A group of half a dozen residents living at the Covenant Living at the Holmstad retirement living facility in Batavia recently came together before and after the holidays to turn their woodworking and painting skills into making wooden school desks that quickly found homes barely before the varnish was dry.

Interim executive director for the facility Karen Pahlke said the group of residents “has been busy since last March and April” when the pandemic first took hold making masks and that the recent woodworking project that produced 20 desks was sort of a way of giving back to the community.

“When COVID first broke out, there was great support from the community in terms of getting water and toilet paper and other products, and we actually had one of our buses set up to take donations as we weren’t going anywhere,” Pahkle said. “The desk project started in December and one of our residents Dave Anderson, who has been with us since 2014, organized the troops.”

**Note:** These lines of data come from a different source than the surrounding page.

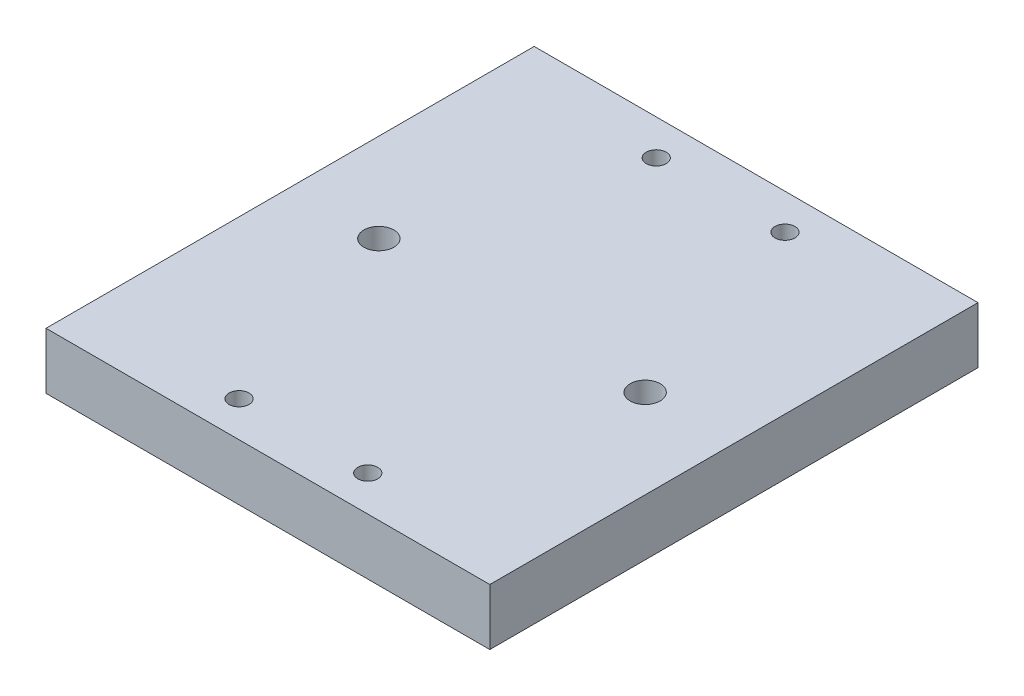
ISO-10303-21;
HEADER;
FILE_DESCRIPTION(('STEP AP214'),'2;1');
FILE_NAME('part.step','',(''),(''),'','','');
FILE_SCHEMA(('AUTOMOTIVE_DESIGN { 1 0 10303 214 1 1 1 1 }'));
ENDSEC;
DATA;
#1=APPLICATION_CONTEXT('core data for automotive mechanical design processes');
#2=APPLICATION_PROTOCOL_DEFINITION('international standard','automotive_design',2000,#1);
#3=PRODUCT_CONTEXT('',#1,'mechanical');
#4=PRODUCT('Part','Part','',(#3));
#5=PRODUCT_RELATED_PRODUCT_CATEGORY('part','',(#4));
#6=PRODUCT_DEFINITION_FORMATION('','',#4);
#7=PRODUCT_DEFINITION_CONTEXT('part definition',#1,'design');
#8=PRODUCT_DEFINITION('design','',#6,#7);
#9=PRODUCT_DEFINITION_SHAPE('','',#8);
#10=(LENGTH_UNIT() NAMED_UNIT(*) SI_UNIT(.MILLI.,.METRE.));
#11=(NAMED_UNIT(*) PLANE_ANGLE_UNIT() SI_UNIT($,.RADIAN.));
#12=(NAMED_UNIT(*) SI_UNIT($,.STERADIAN.) SOLID_ANGLE_UNIT());
#13=UNCERTAINTY_MEASURE_WITH_UNIT(LENGTH_MEASURE(1.E-05),#10,'distance_accuracy_value','');
#14=(GEOMETRIC_REPRESENTATION_CONTEXT(3) GLOBAL_UNCERTAINTY_ASSIGNED_CONTEXT((#13)) GLOBAL_UNIT_ASSIGNED_CONTEXT((#10,
#11,#12)) REPRESENTATION_CONTEXT('',''));
#15=CARTESIAN_POINT('',(0.,0.,0.));
#16=DIRECTION('',(0.,0.,1.));
#17=DIRECTION('',(1.,0.,0.));
#18=AXIS2_PLACEMENT_3D('',#15,#16,#17);
#19=CARTESIAN_POINT('',(-50.,6.35,55.));
#20=DIRECTION('',(1.,0.,0.));
#21=DIRECTION('',(0.,0.,-1.));
#22=AXIS2_PLACEMENT_3D('',#19,#20,#21);
#23=PLANE('',#22);
#24=DIRECTION('',(0.,-1.,0.));
#25=VECTOR('',#24,1.);
#26=CARTESIAN_POINT('',(-50.,6.35,-55.));
#27=LINE('',#26,#25);
#28=CARTESIAN_POINT('',(-50.,6.35,-55.));
#29=VERTEX_POINT('',#28);
#30=CARTESIAN_POINT('',(-50.,-6.35,-55.));
#31=VERTEX_POINT('',#30);
#32=EDGE_CURVE('E96',#29,#31,#27,.T.);
#33=ORIENTED_EDGE('',*,*,#32,.T.);
#34=DIRECTION('',(0.,0.,-1.));
#35=VECTOR('',#34,1.);
#36=CARTESIAN_POINT('',(-50.,-6.35,55.));
#37=LINE('',#36,#35);
#38=CARTESIAN_POINT('',(-50.,-6.35,55.));
#39=VERTEX_POINT('',#38);
#40=EDGE_CURVE('E11',#39,#31,#37,.T.);
#41=ORIENTED_EDGE('',*,*,#40,.F.);
#42=DIRECTION('',(0.,-1.,0.));
#43=VECTOR('',#42,1.);
#44=CARTESIAN_POINT('',(-50.,6.35,55.));
#45=LINE('',#44,#43);
#46=CARTESIAN_POINT('',(-50.,6.35,55.));
#47=VERTEX_POINT('',#46);
#48=EDGE_CURVE('E84',#47,#39,#45,.T.);
#49=ORIENTED_EDGE('',*,*,#48,.F.);
#50=DIRECTION('',(0.,0.,-1.));
#51=VECTOR('',#50,1.);
#52=CARTESIAN_POINT('',(-50.,6.35,55.));
#53=LINE('',#52,#51);
#54=EDGE_CURVE('E92',#47,#29,#53,.T.);
#55=ORIENTED_EDGE('',*,*,#54,.T.);
#56=EDGE_LOOP('',(#33,#41,#49,#55));
#57=FACE_BOUND('',#56,.T.);
#58=ADVANCED_FACE('F33',(#57),#23,.F.);
#59=CARTESIAN_POINT('',(50.,-6.34999999999999,55.));
#60=DIRECTION('',(0.,1.,0.));
#61=DIRECTION('',(-1.,0.,0.));
#62=AXIS2_PLACEMENT_3D('',#59,#60,#61);
#63=PLANE('',#62);
#64=CARTESIAN_POINT('',(-30.0000078911007,-6.35,-1.67118388853208E-06));
#65=DIRECTION('',(0.,-1.,0.));
#66=DIRECTION('',(0.,0.,-1.));
#67=AXIS2_PLACEMENT_3D('',#64,#65,#66);
#68=CIRCLE('',#67,5.55625);
#69=CARTESIAN_POINT('',(-30.0000078911007,-6.35,-5.55625167118389));
#70=VERTEX_POINT('',#69);
#71=EDGE_CURVE('E154',#70,#70,#68,.T.);
#72=ORIENTED_EDGE('',*,*,#71,.F.);
#73=EDGE_LOOP('',(#72));
#74=FACE_BOUND('',#73,.T.);
#75=CARTESIAN_POINT('',(29.9999921088993,-6.34999999999999,-1.67118389491202E-06));
#76=DIRECTION('',(0.,-1.,0.));
#77=DIRECTION('',(0.,0.,-1.));
#78=AXIS2_PLACEMENT_3D('',#75,#76,#77);
#79=CIRCLE('',#78,5.55625);
#80=CARTESIAN_POINT('',(29.9999921088993,-6.34999999999999,-5.55625167118389));
#81=VERTEX_POINT('',#80);
#82=EDGE_CURVE('E142',#81,#81,#79,.T.);
#83=ORIENTED_EDGE('',*,*,#82,.F.);
#84=EDGE_LOOP('',(#83));
#85=FACE_BOUND('',#84,.T.);
#86=CARTESIAN_POINT('',(14.5,-6.35000000000001,47.));
#87=DIRECTION('',(0.,1.,0.));
#88=DIRECTION('',(0.,0.,1.));
#89=AXIS2_PLACEMENT_3D('',#86,#87,#88);
#90=CIRCLE('',#89,2.25);
#91=CARTESIAN_POINT('',(14.5,-6.35000000000001,49.25));
#92=VERTEX_POINT('',#91);
#93=EDGE_CURVE('E127',#92,#92,#90,.T.);
#94=ORIENTED_EDGE('',*,*,#93,.T.);
#95=EDGE_LOOP('',(#94));
#96=FACE_BOUND('',#95,.T.);
#97=CARTESIAN_POINT('',(-14.5,-6.35000000000001,47.0000000000001));
#98=DIRECTION('',(0.,1.,0.));
#99=DIRECTION('',(0.,0.,1.));
#100=AXIS2_PLACEMENT_3D('',#97,#98,#99);
#101=CIRCLE('',#100,2.25);
#102=CARTESIAN_POINT('',(-14.5,-6.35000000000001,49.2500000000001));
#103=VERTEX_POINT('',#102);
#104=EDGE_CURVE('E121',#103,#103,#101,.T.);
#105=ORIENTED_EDGE('',*,*,#104,.T.);
#106=EDGE_LOOP('',(#105));
#107=FACE_BOUND('',#106,.T.);
#108=CARTESIAN_POINT('',(-14.5,-6.35000000000001,-46.9999999999999));
#109=DIRECTION('',(0.,1.,0.));
#110=DIRECTION('',(0.,0.,1.));
#111=AXIS2_PLACEMENT_3D('',#108,#109,#110);
#112=CIRCLE('',#111,2.25);
#113=CARTESIAN_POINT('',(-14.5,-6.35000000000001,-44.7499999999999));
#114=VERTEX_POINT('',#113);
#115=EDGE_CURVE('E115',#114,#114,#112,.T.);
#116=ORIENTED_EDGE('',*,*,#115,.T.);
#117=EDGE_LOOP('',(#116));
#118=FACE_BOUND('',#117,.T.);
#119=CARTESIAN_POINT('',(14.5,-6.35000000000001,-47.));
#120=DIRECTION('',(0.,1.,0.));
#121=DIRECTION('',(0.,0.,1.));
#122=AXIS2_PLACEMENT_3D('',#119,#120,#121);
#123=CIRCLE('',#122,2.25);
#124=CARTESIAN_POINT('',(14.5,-6.35000000000001,-44.75));
#125=VERTEX_POINT('',#124);
#126=EDGE_CURVE('E99',#125,#125,#123,.T.);
#127=ORIENTED_EDGE('',*,*,#126,.T.);
#128=EDGE_LOOP('',(#127));
#129=FACE_BOUND('',#128,.T.);
#130=DIRECTION('',(1.,0.,0.));
#131=VECTOR('',#130,1.);
#132=CARTESIAN_POINT('',(50.,-6.34999999999999,-55.));
#133=LINE('',#132,#131);
#134=CARTESIAN_POINT('',(50.,-6.34999999999999,-55.));
#135=VERTEX_POINT('',#134);
#136=EDGE_CURVE('E88',#31,#135,#133,.T.);
#137=ORIENTED_EDGE('',*,*,#136,.T.);
#138=DIRECTION('',(0.,0.,-1.));
#139=VECTOR('',#138,1.);
#140=CARTESIAN_POINT('',(50.,-6.34999999999999,55.));
#141=LINE('',#140,#139);
#142=CARTESIAN_POINT('',(50.,-6.34999999999999,55.));
#143=VERTEX_POINT('',#142);
#144=EDGE_CURVE('E41',#143,#135,#141,.T.);
#145=ORIENTED_EDGE('',*,*,#144,.F.);
#146=DIRECTION('',(1.,0.,0.));
#147=VECTOR('',#146,1.);
#148=CARTESIAN_POINT('',(50.,-6.34999999999999,55.));
#149=LINE('',#148,#147);
#150=EDGE_CURVE('E79',#39,#143,#149,.T.);
#151=ORIENTED_EDGE('',*,*,#150,.F.);
#152=ORIENTED_EDGE('',*,*,#40,.T.);
#153=EDGE_LOOP('',(#137,#145,#151,#152));
#154=FACE_BOUND('',#153,.T.);
#155=ADVANCED_FACE('F87',(#74,#85,#96,#107,#118,#129,#154),#63,.F.);
#156=CARTESIAN_POINT('',(50.,6.35000000000001,55.));
#157=DIRECTION('',(-1.,0.,0.));
#158=DIRECTION('',(0.,0.,1.));
#159=AXIS2_PLACEMENT_3D('',#156,#157,#158);
#160=PLANE('',#159);
#161=DIRECTION('',(0.,1.,0.));
#162=VECTOR('',#161,1.);
#163=CARTESIAN_POINT('',(50.,6.35000000000001,-55.));
#164=LINE('',#163,#162);
#165=CARTESIAN_POINT('',(50.,6.35000000000001,-55.));
#166=VERTEX_POINT('',#165);
#167=EDGE_CURVE('E66',#135,#166,#164,.T.);
#168=ORIENTED_EDGE('',*,*,#167,.T.);
#169=DIRECTION('',(0.,0.,-1.));
#170=VECTOR('',#169,1.);
#171=CARTESIAN_POINT('',(50.,6.35000000000001,55.));
#172=LINE('',#171,#170);
#173=CARTESIAN_POINT('',(50.,6.35000000000001,55.));
#174=VERTEX_POINT('',#173);
#175=EDGE_CURVE('E89',#174,#166,#172,.T.);
#176=ORIENTED_EDGE('',*,*,#175,.F.);
#177=DIRECTION('',(0.,1.,0.));
#178=VECTOR('',#177,1.);
#179=CARTESIAN_POINT('',(50.,6.35000000000001,55.));
#180=LINE('',#179,#178);
#181=EDGE_CURVE('E82',#143,#174,#180,.T.);
#182=ORIENTED_EDGE('',*,*,#181,.F.);
#183=ORIENTED_EDGE('',*,*,#144,.T.);
#184=EDGE_LOOP('',(#168,#176,#182,#183));
#185=FACE_BOUND('',#184,.T.);
#186=ADVANCED_FACE('F90',(#185),#160,.F.);
#187=CARTESIAN_POINT('',(50.,6.35000000000001,55.));
#188=DIRECTION('',(0.,-1.,0.));
#189=DIRECTION('',(1.,0.,0.));
#190=AXIS2_PLACEMENT_3D('',#187,#188,#189);
#191=PLANE('',#190);
#192=CARTESIAN_POINT('',(-30.0000078911007,6.35000000000013,-1.67118388853208E-06));
#193=DIRECTION('',(0.,-1.,0.));
#194=DIRECTION('',(0.,0.,-1.));
#195=AXIS2_PLACEMENT_3D('',#192,#193,#194);
#196=CIRCLE('',#195,3.3782);
#197=CARTESIAN_POINT('',(-30.0000078911007,6.35000000000013,-3.37820167118389));
#198=VERTEX_POINT('',#197);
#199=EDGE_CURVE('E145',#198,#198,#196,.T.);
#200=ORIENTED_EDGE('',*,*,#199,.T.);
#201=EDGE_LOOP('',(#200));
#202=FACE_BOUND('',#201,.T.);
#203=CARTESIAN_POINT('',(29.9999921088993,6.35000000000014,-1.67118389491202E-06));
#204=DIRECTION('',(0.,-1.,0.));
#205=DIRECTION('',(0.,0.,-1.));
#206=AXIS2_PLACEMENT_3D('',#203,#204,#205);
#207=CIRCLE('',#206,3.3782);
#208=CARTESIAN_POINT('',(29.9999921088993,6.35000000000014,-3.37820167118389));
#209=VERTEX_POINT('',#208);
#210=EDGE_CURVE('E133',#209,#209,#207,.T.);
#211=ORIENTED_EDGE('',*,*,#210,.T.);
#212=EDGE_LOOP('',(#211));
#213=FACE_BOUND('',#212,.T.);
#214=CARTESIAN_POINT('',(14.5,6.35,47.));
#215=DIRECTION('',(0.,1.,0.));
#216=DIRECTION('',(0.,0.,1.));
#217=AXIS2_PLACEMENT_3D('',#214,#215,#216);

Dave Anderson stands near the table saw he used to make wooden desks that were donated to H.C. Storm Elementary School in Batavia. Anderson worked with about five other residents at Covenant Living at the Holmstad in Batavia on the project.
Dave Anderson stands near the table saw he used to make wooden desks that were donated to H.C. Storm Elementary School in Batavia. Anderson worked with about five other residents at Covenant Living at the Holmstad in Batavia on the project.

Anderson, 72, formerly of Roselle, said he watched a YouTube video “about a guy in California that was making desks” and got inspired.

“I thought, we could bang these out here and as co-chairman of a committee that deals with woodworking, I went to the local Home Depot to price out materials,” he said. “It turns out we could make one for about $18 each, but I changed the design a bit because the guy in California used brads and glue. I wanted screws and he also left the wood raw.”

Anderson enlisted the help of Hecht, who was a professional painter for over 40 years. A man with carpentry skills himself, Hecht used a roller and brushes to apply varnish to the finished wooden desks that were built “assembly style” and with the aid of a few other residents, desks appeared in no time.

“I went to the former director Amanda Gosnell and said we could build a desk for $21 and she said to go ahead and make 20 of them,” Anderson said. “Two of us did about 90% of the carpentry work and Ron (Hecht) did about 90% of the painting.”

A few of the desks made by residents of Covenant Living at the Holmstad in Batavia for students working at home during the pandemic.
A few of the desks made by residents of Covenant Living at the Holmstad in Batavia for students working at home during the pandemic.

Anderson said the desks themselves, with dimensions of 30 inches high and a 24- by 18-inch top made of pine and 3/4-inch plywood could be built in about two hours, but that the staining added more time.

A self-employed man who repaired windshields himself, Anderson said he has had his own tools “since I was 8.”

“I’ve been making sawdust now for 65 years,” Anderson joked. “I’m a woodworker and I knew we could get these built.”

Pahlke said the Batavia United Way had set up offices in the Covenant Living facilities during the pandemic and quickly found a place for the desks at the H.C. Storm Elementary School nearby.

Anderson said to his knowledge, “the desks were all scooped up in less than 20 minutes” and that he feels “it will now be easier for some kids to sit and study.”

“I have five grandkids of my own and I know that some kids are better at this lockdown and remote learning than others,” he said.

Hecht said for him, “the project made sense” and thought it was “a great thing to do to help other people.”

Randy Johnson, 80, formerly of Wheaton, said he too helped out with the project and that the biggest takeaway was thinking about the eventual reaction of a child he would never meet.

“Before COVID, we’d go over to Storm Elementary and help with the reading program, so there is sort of a tie-in already,” Johnson said. “What I enjoyed the most but haven’t witnessed is the anticipation and look on the child’s face that received that desk. You’ll never know who got it, but you know it was appreciated.”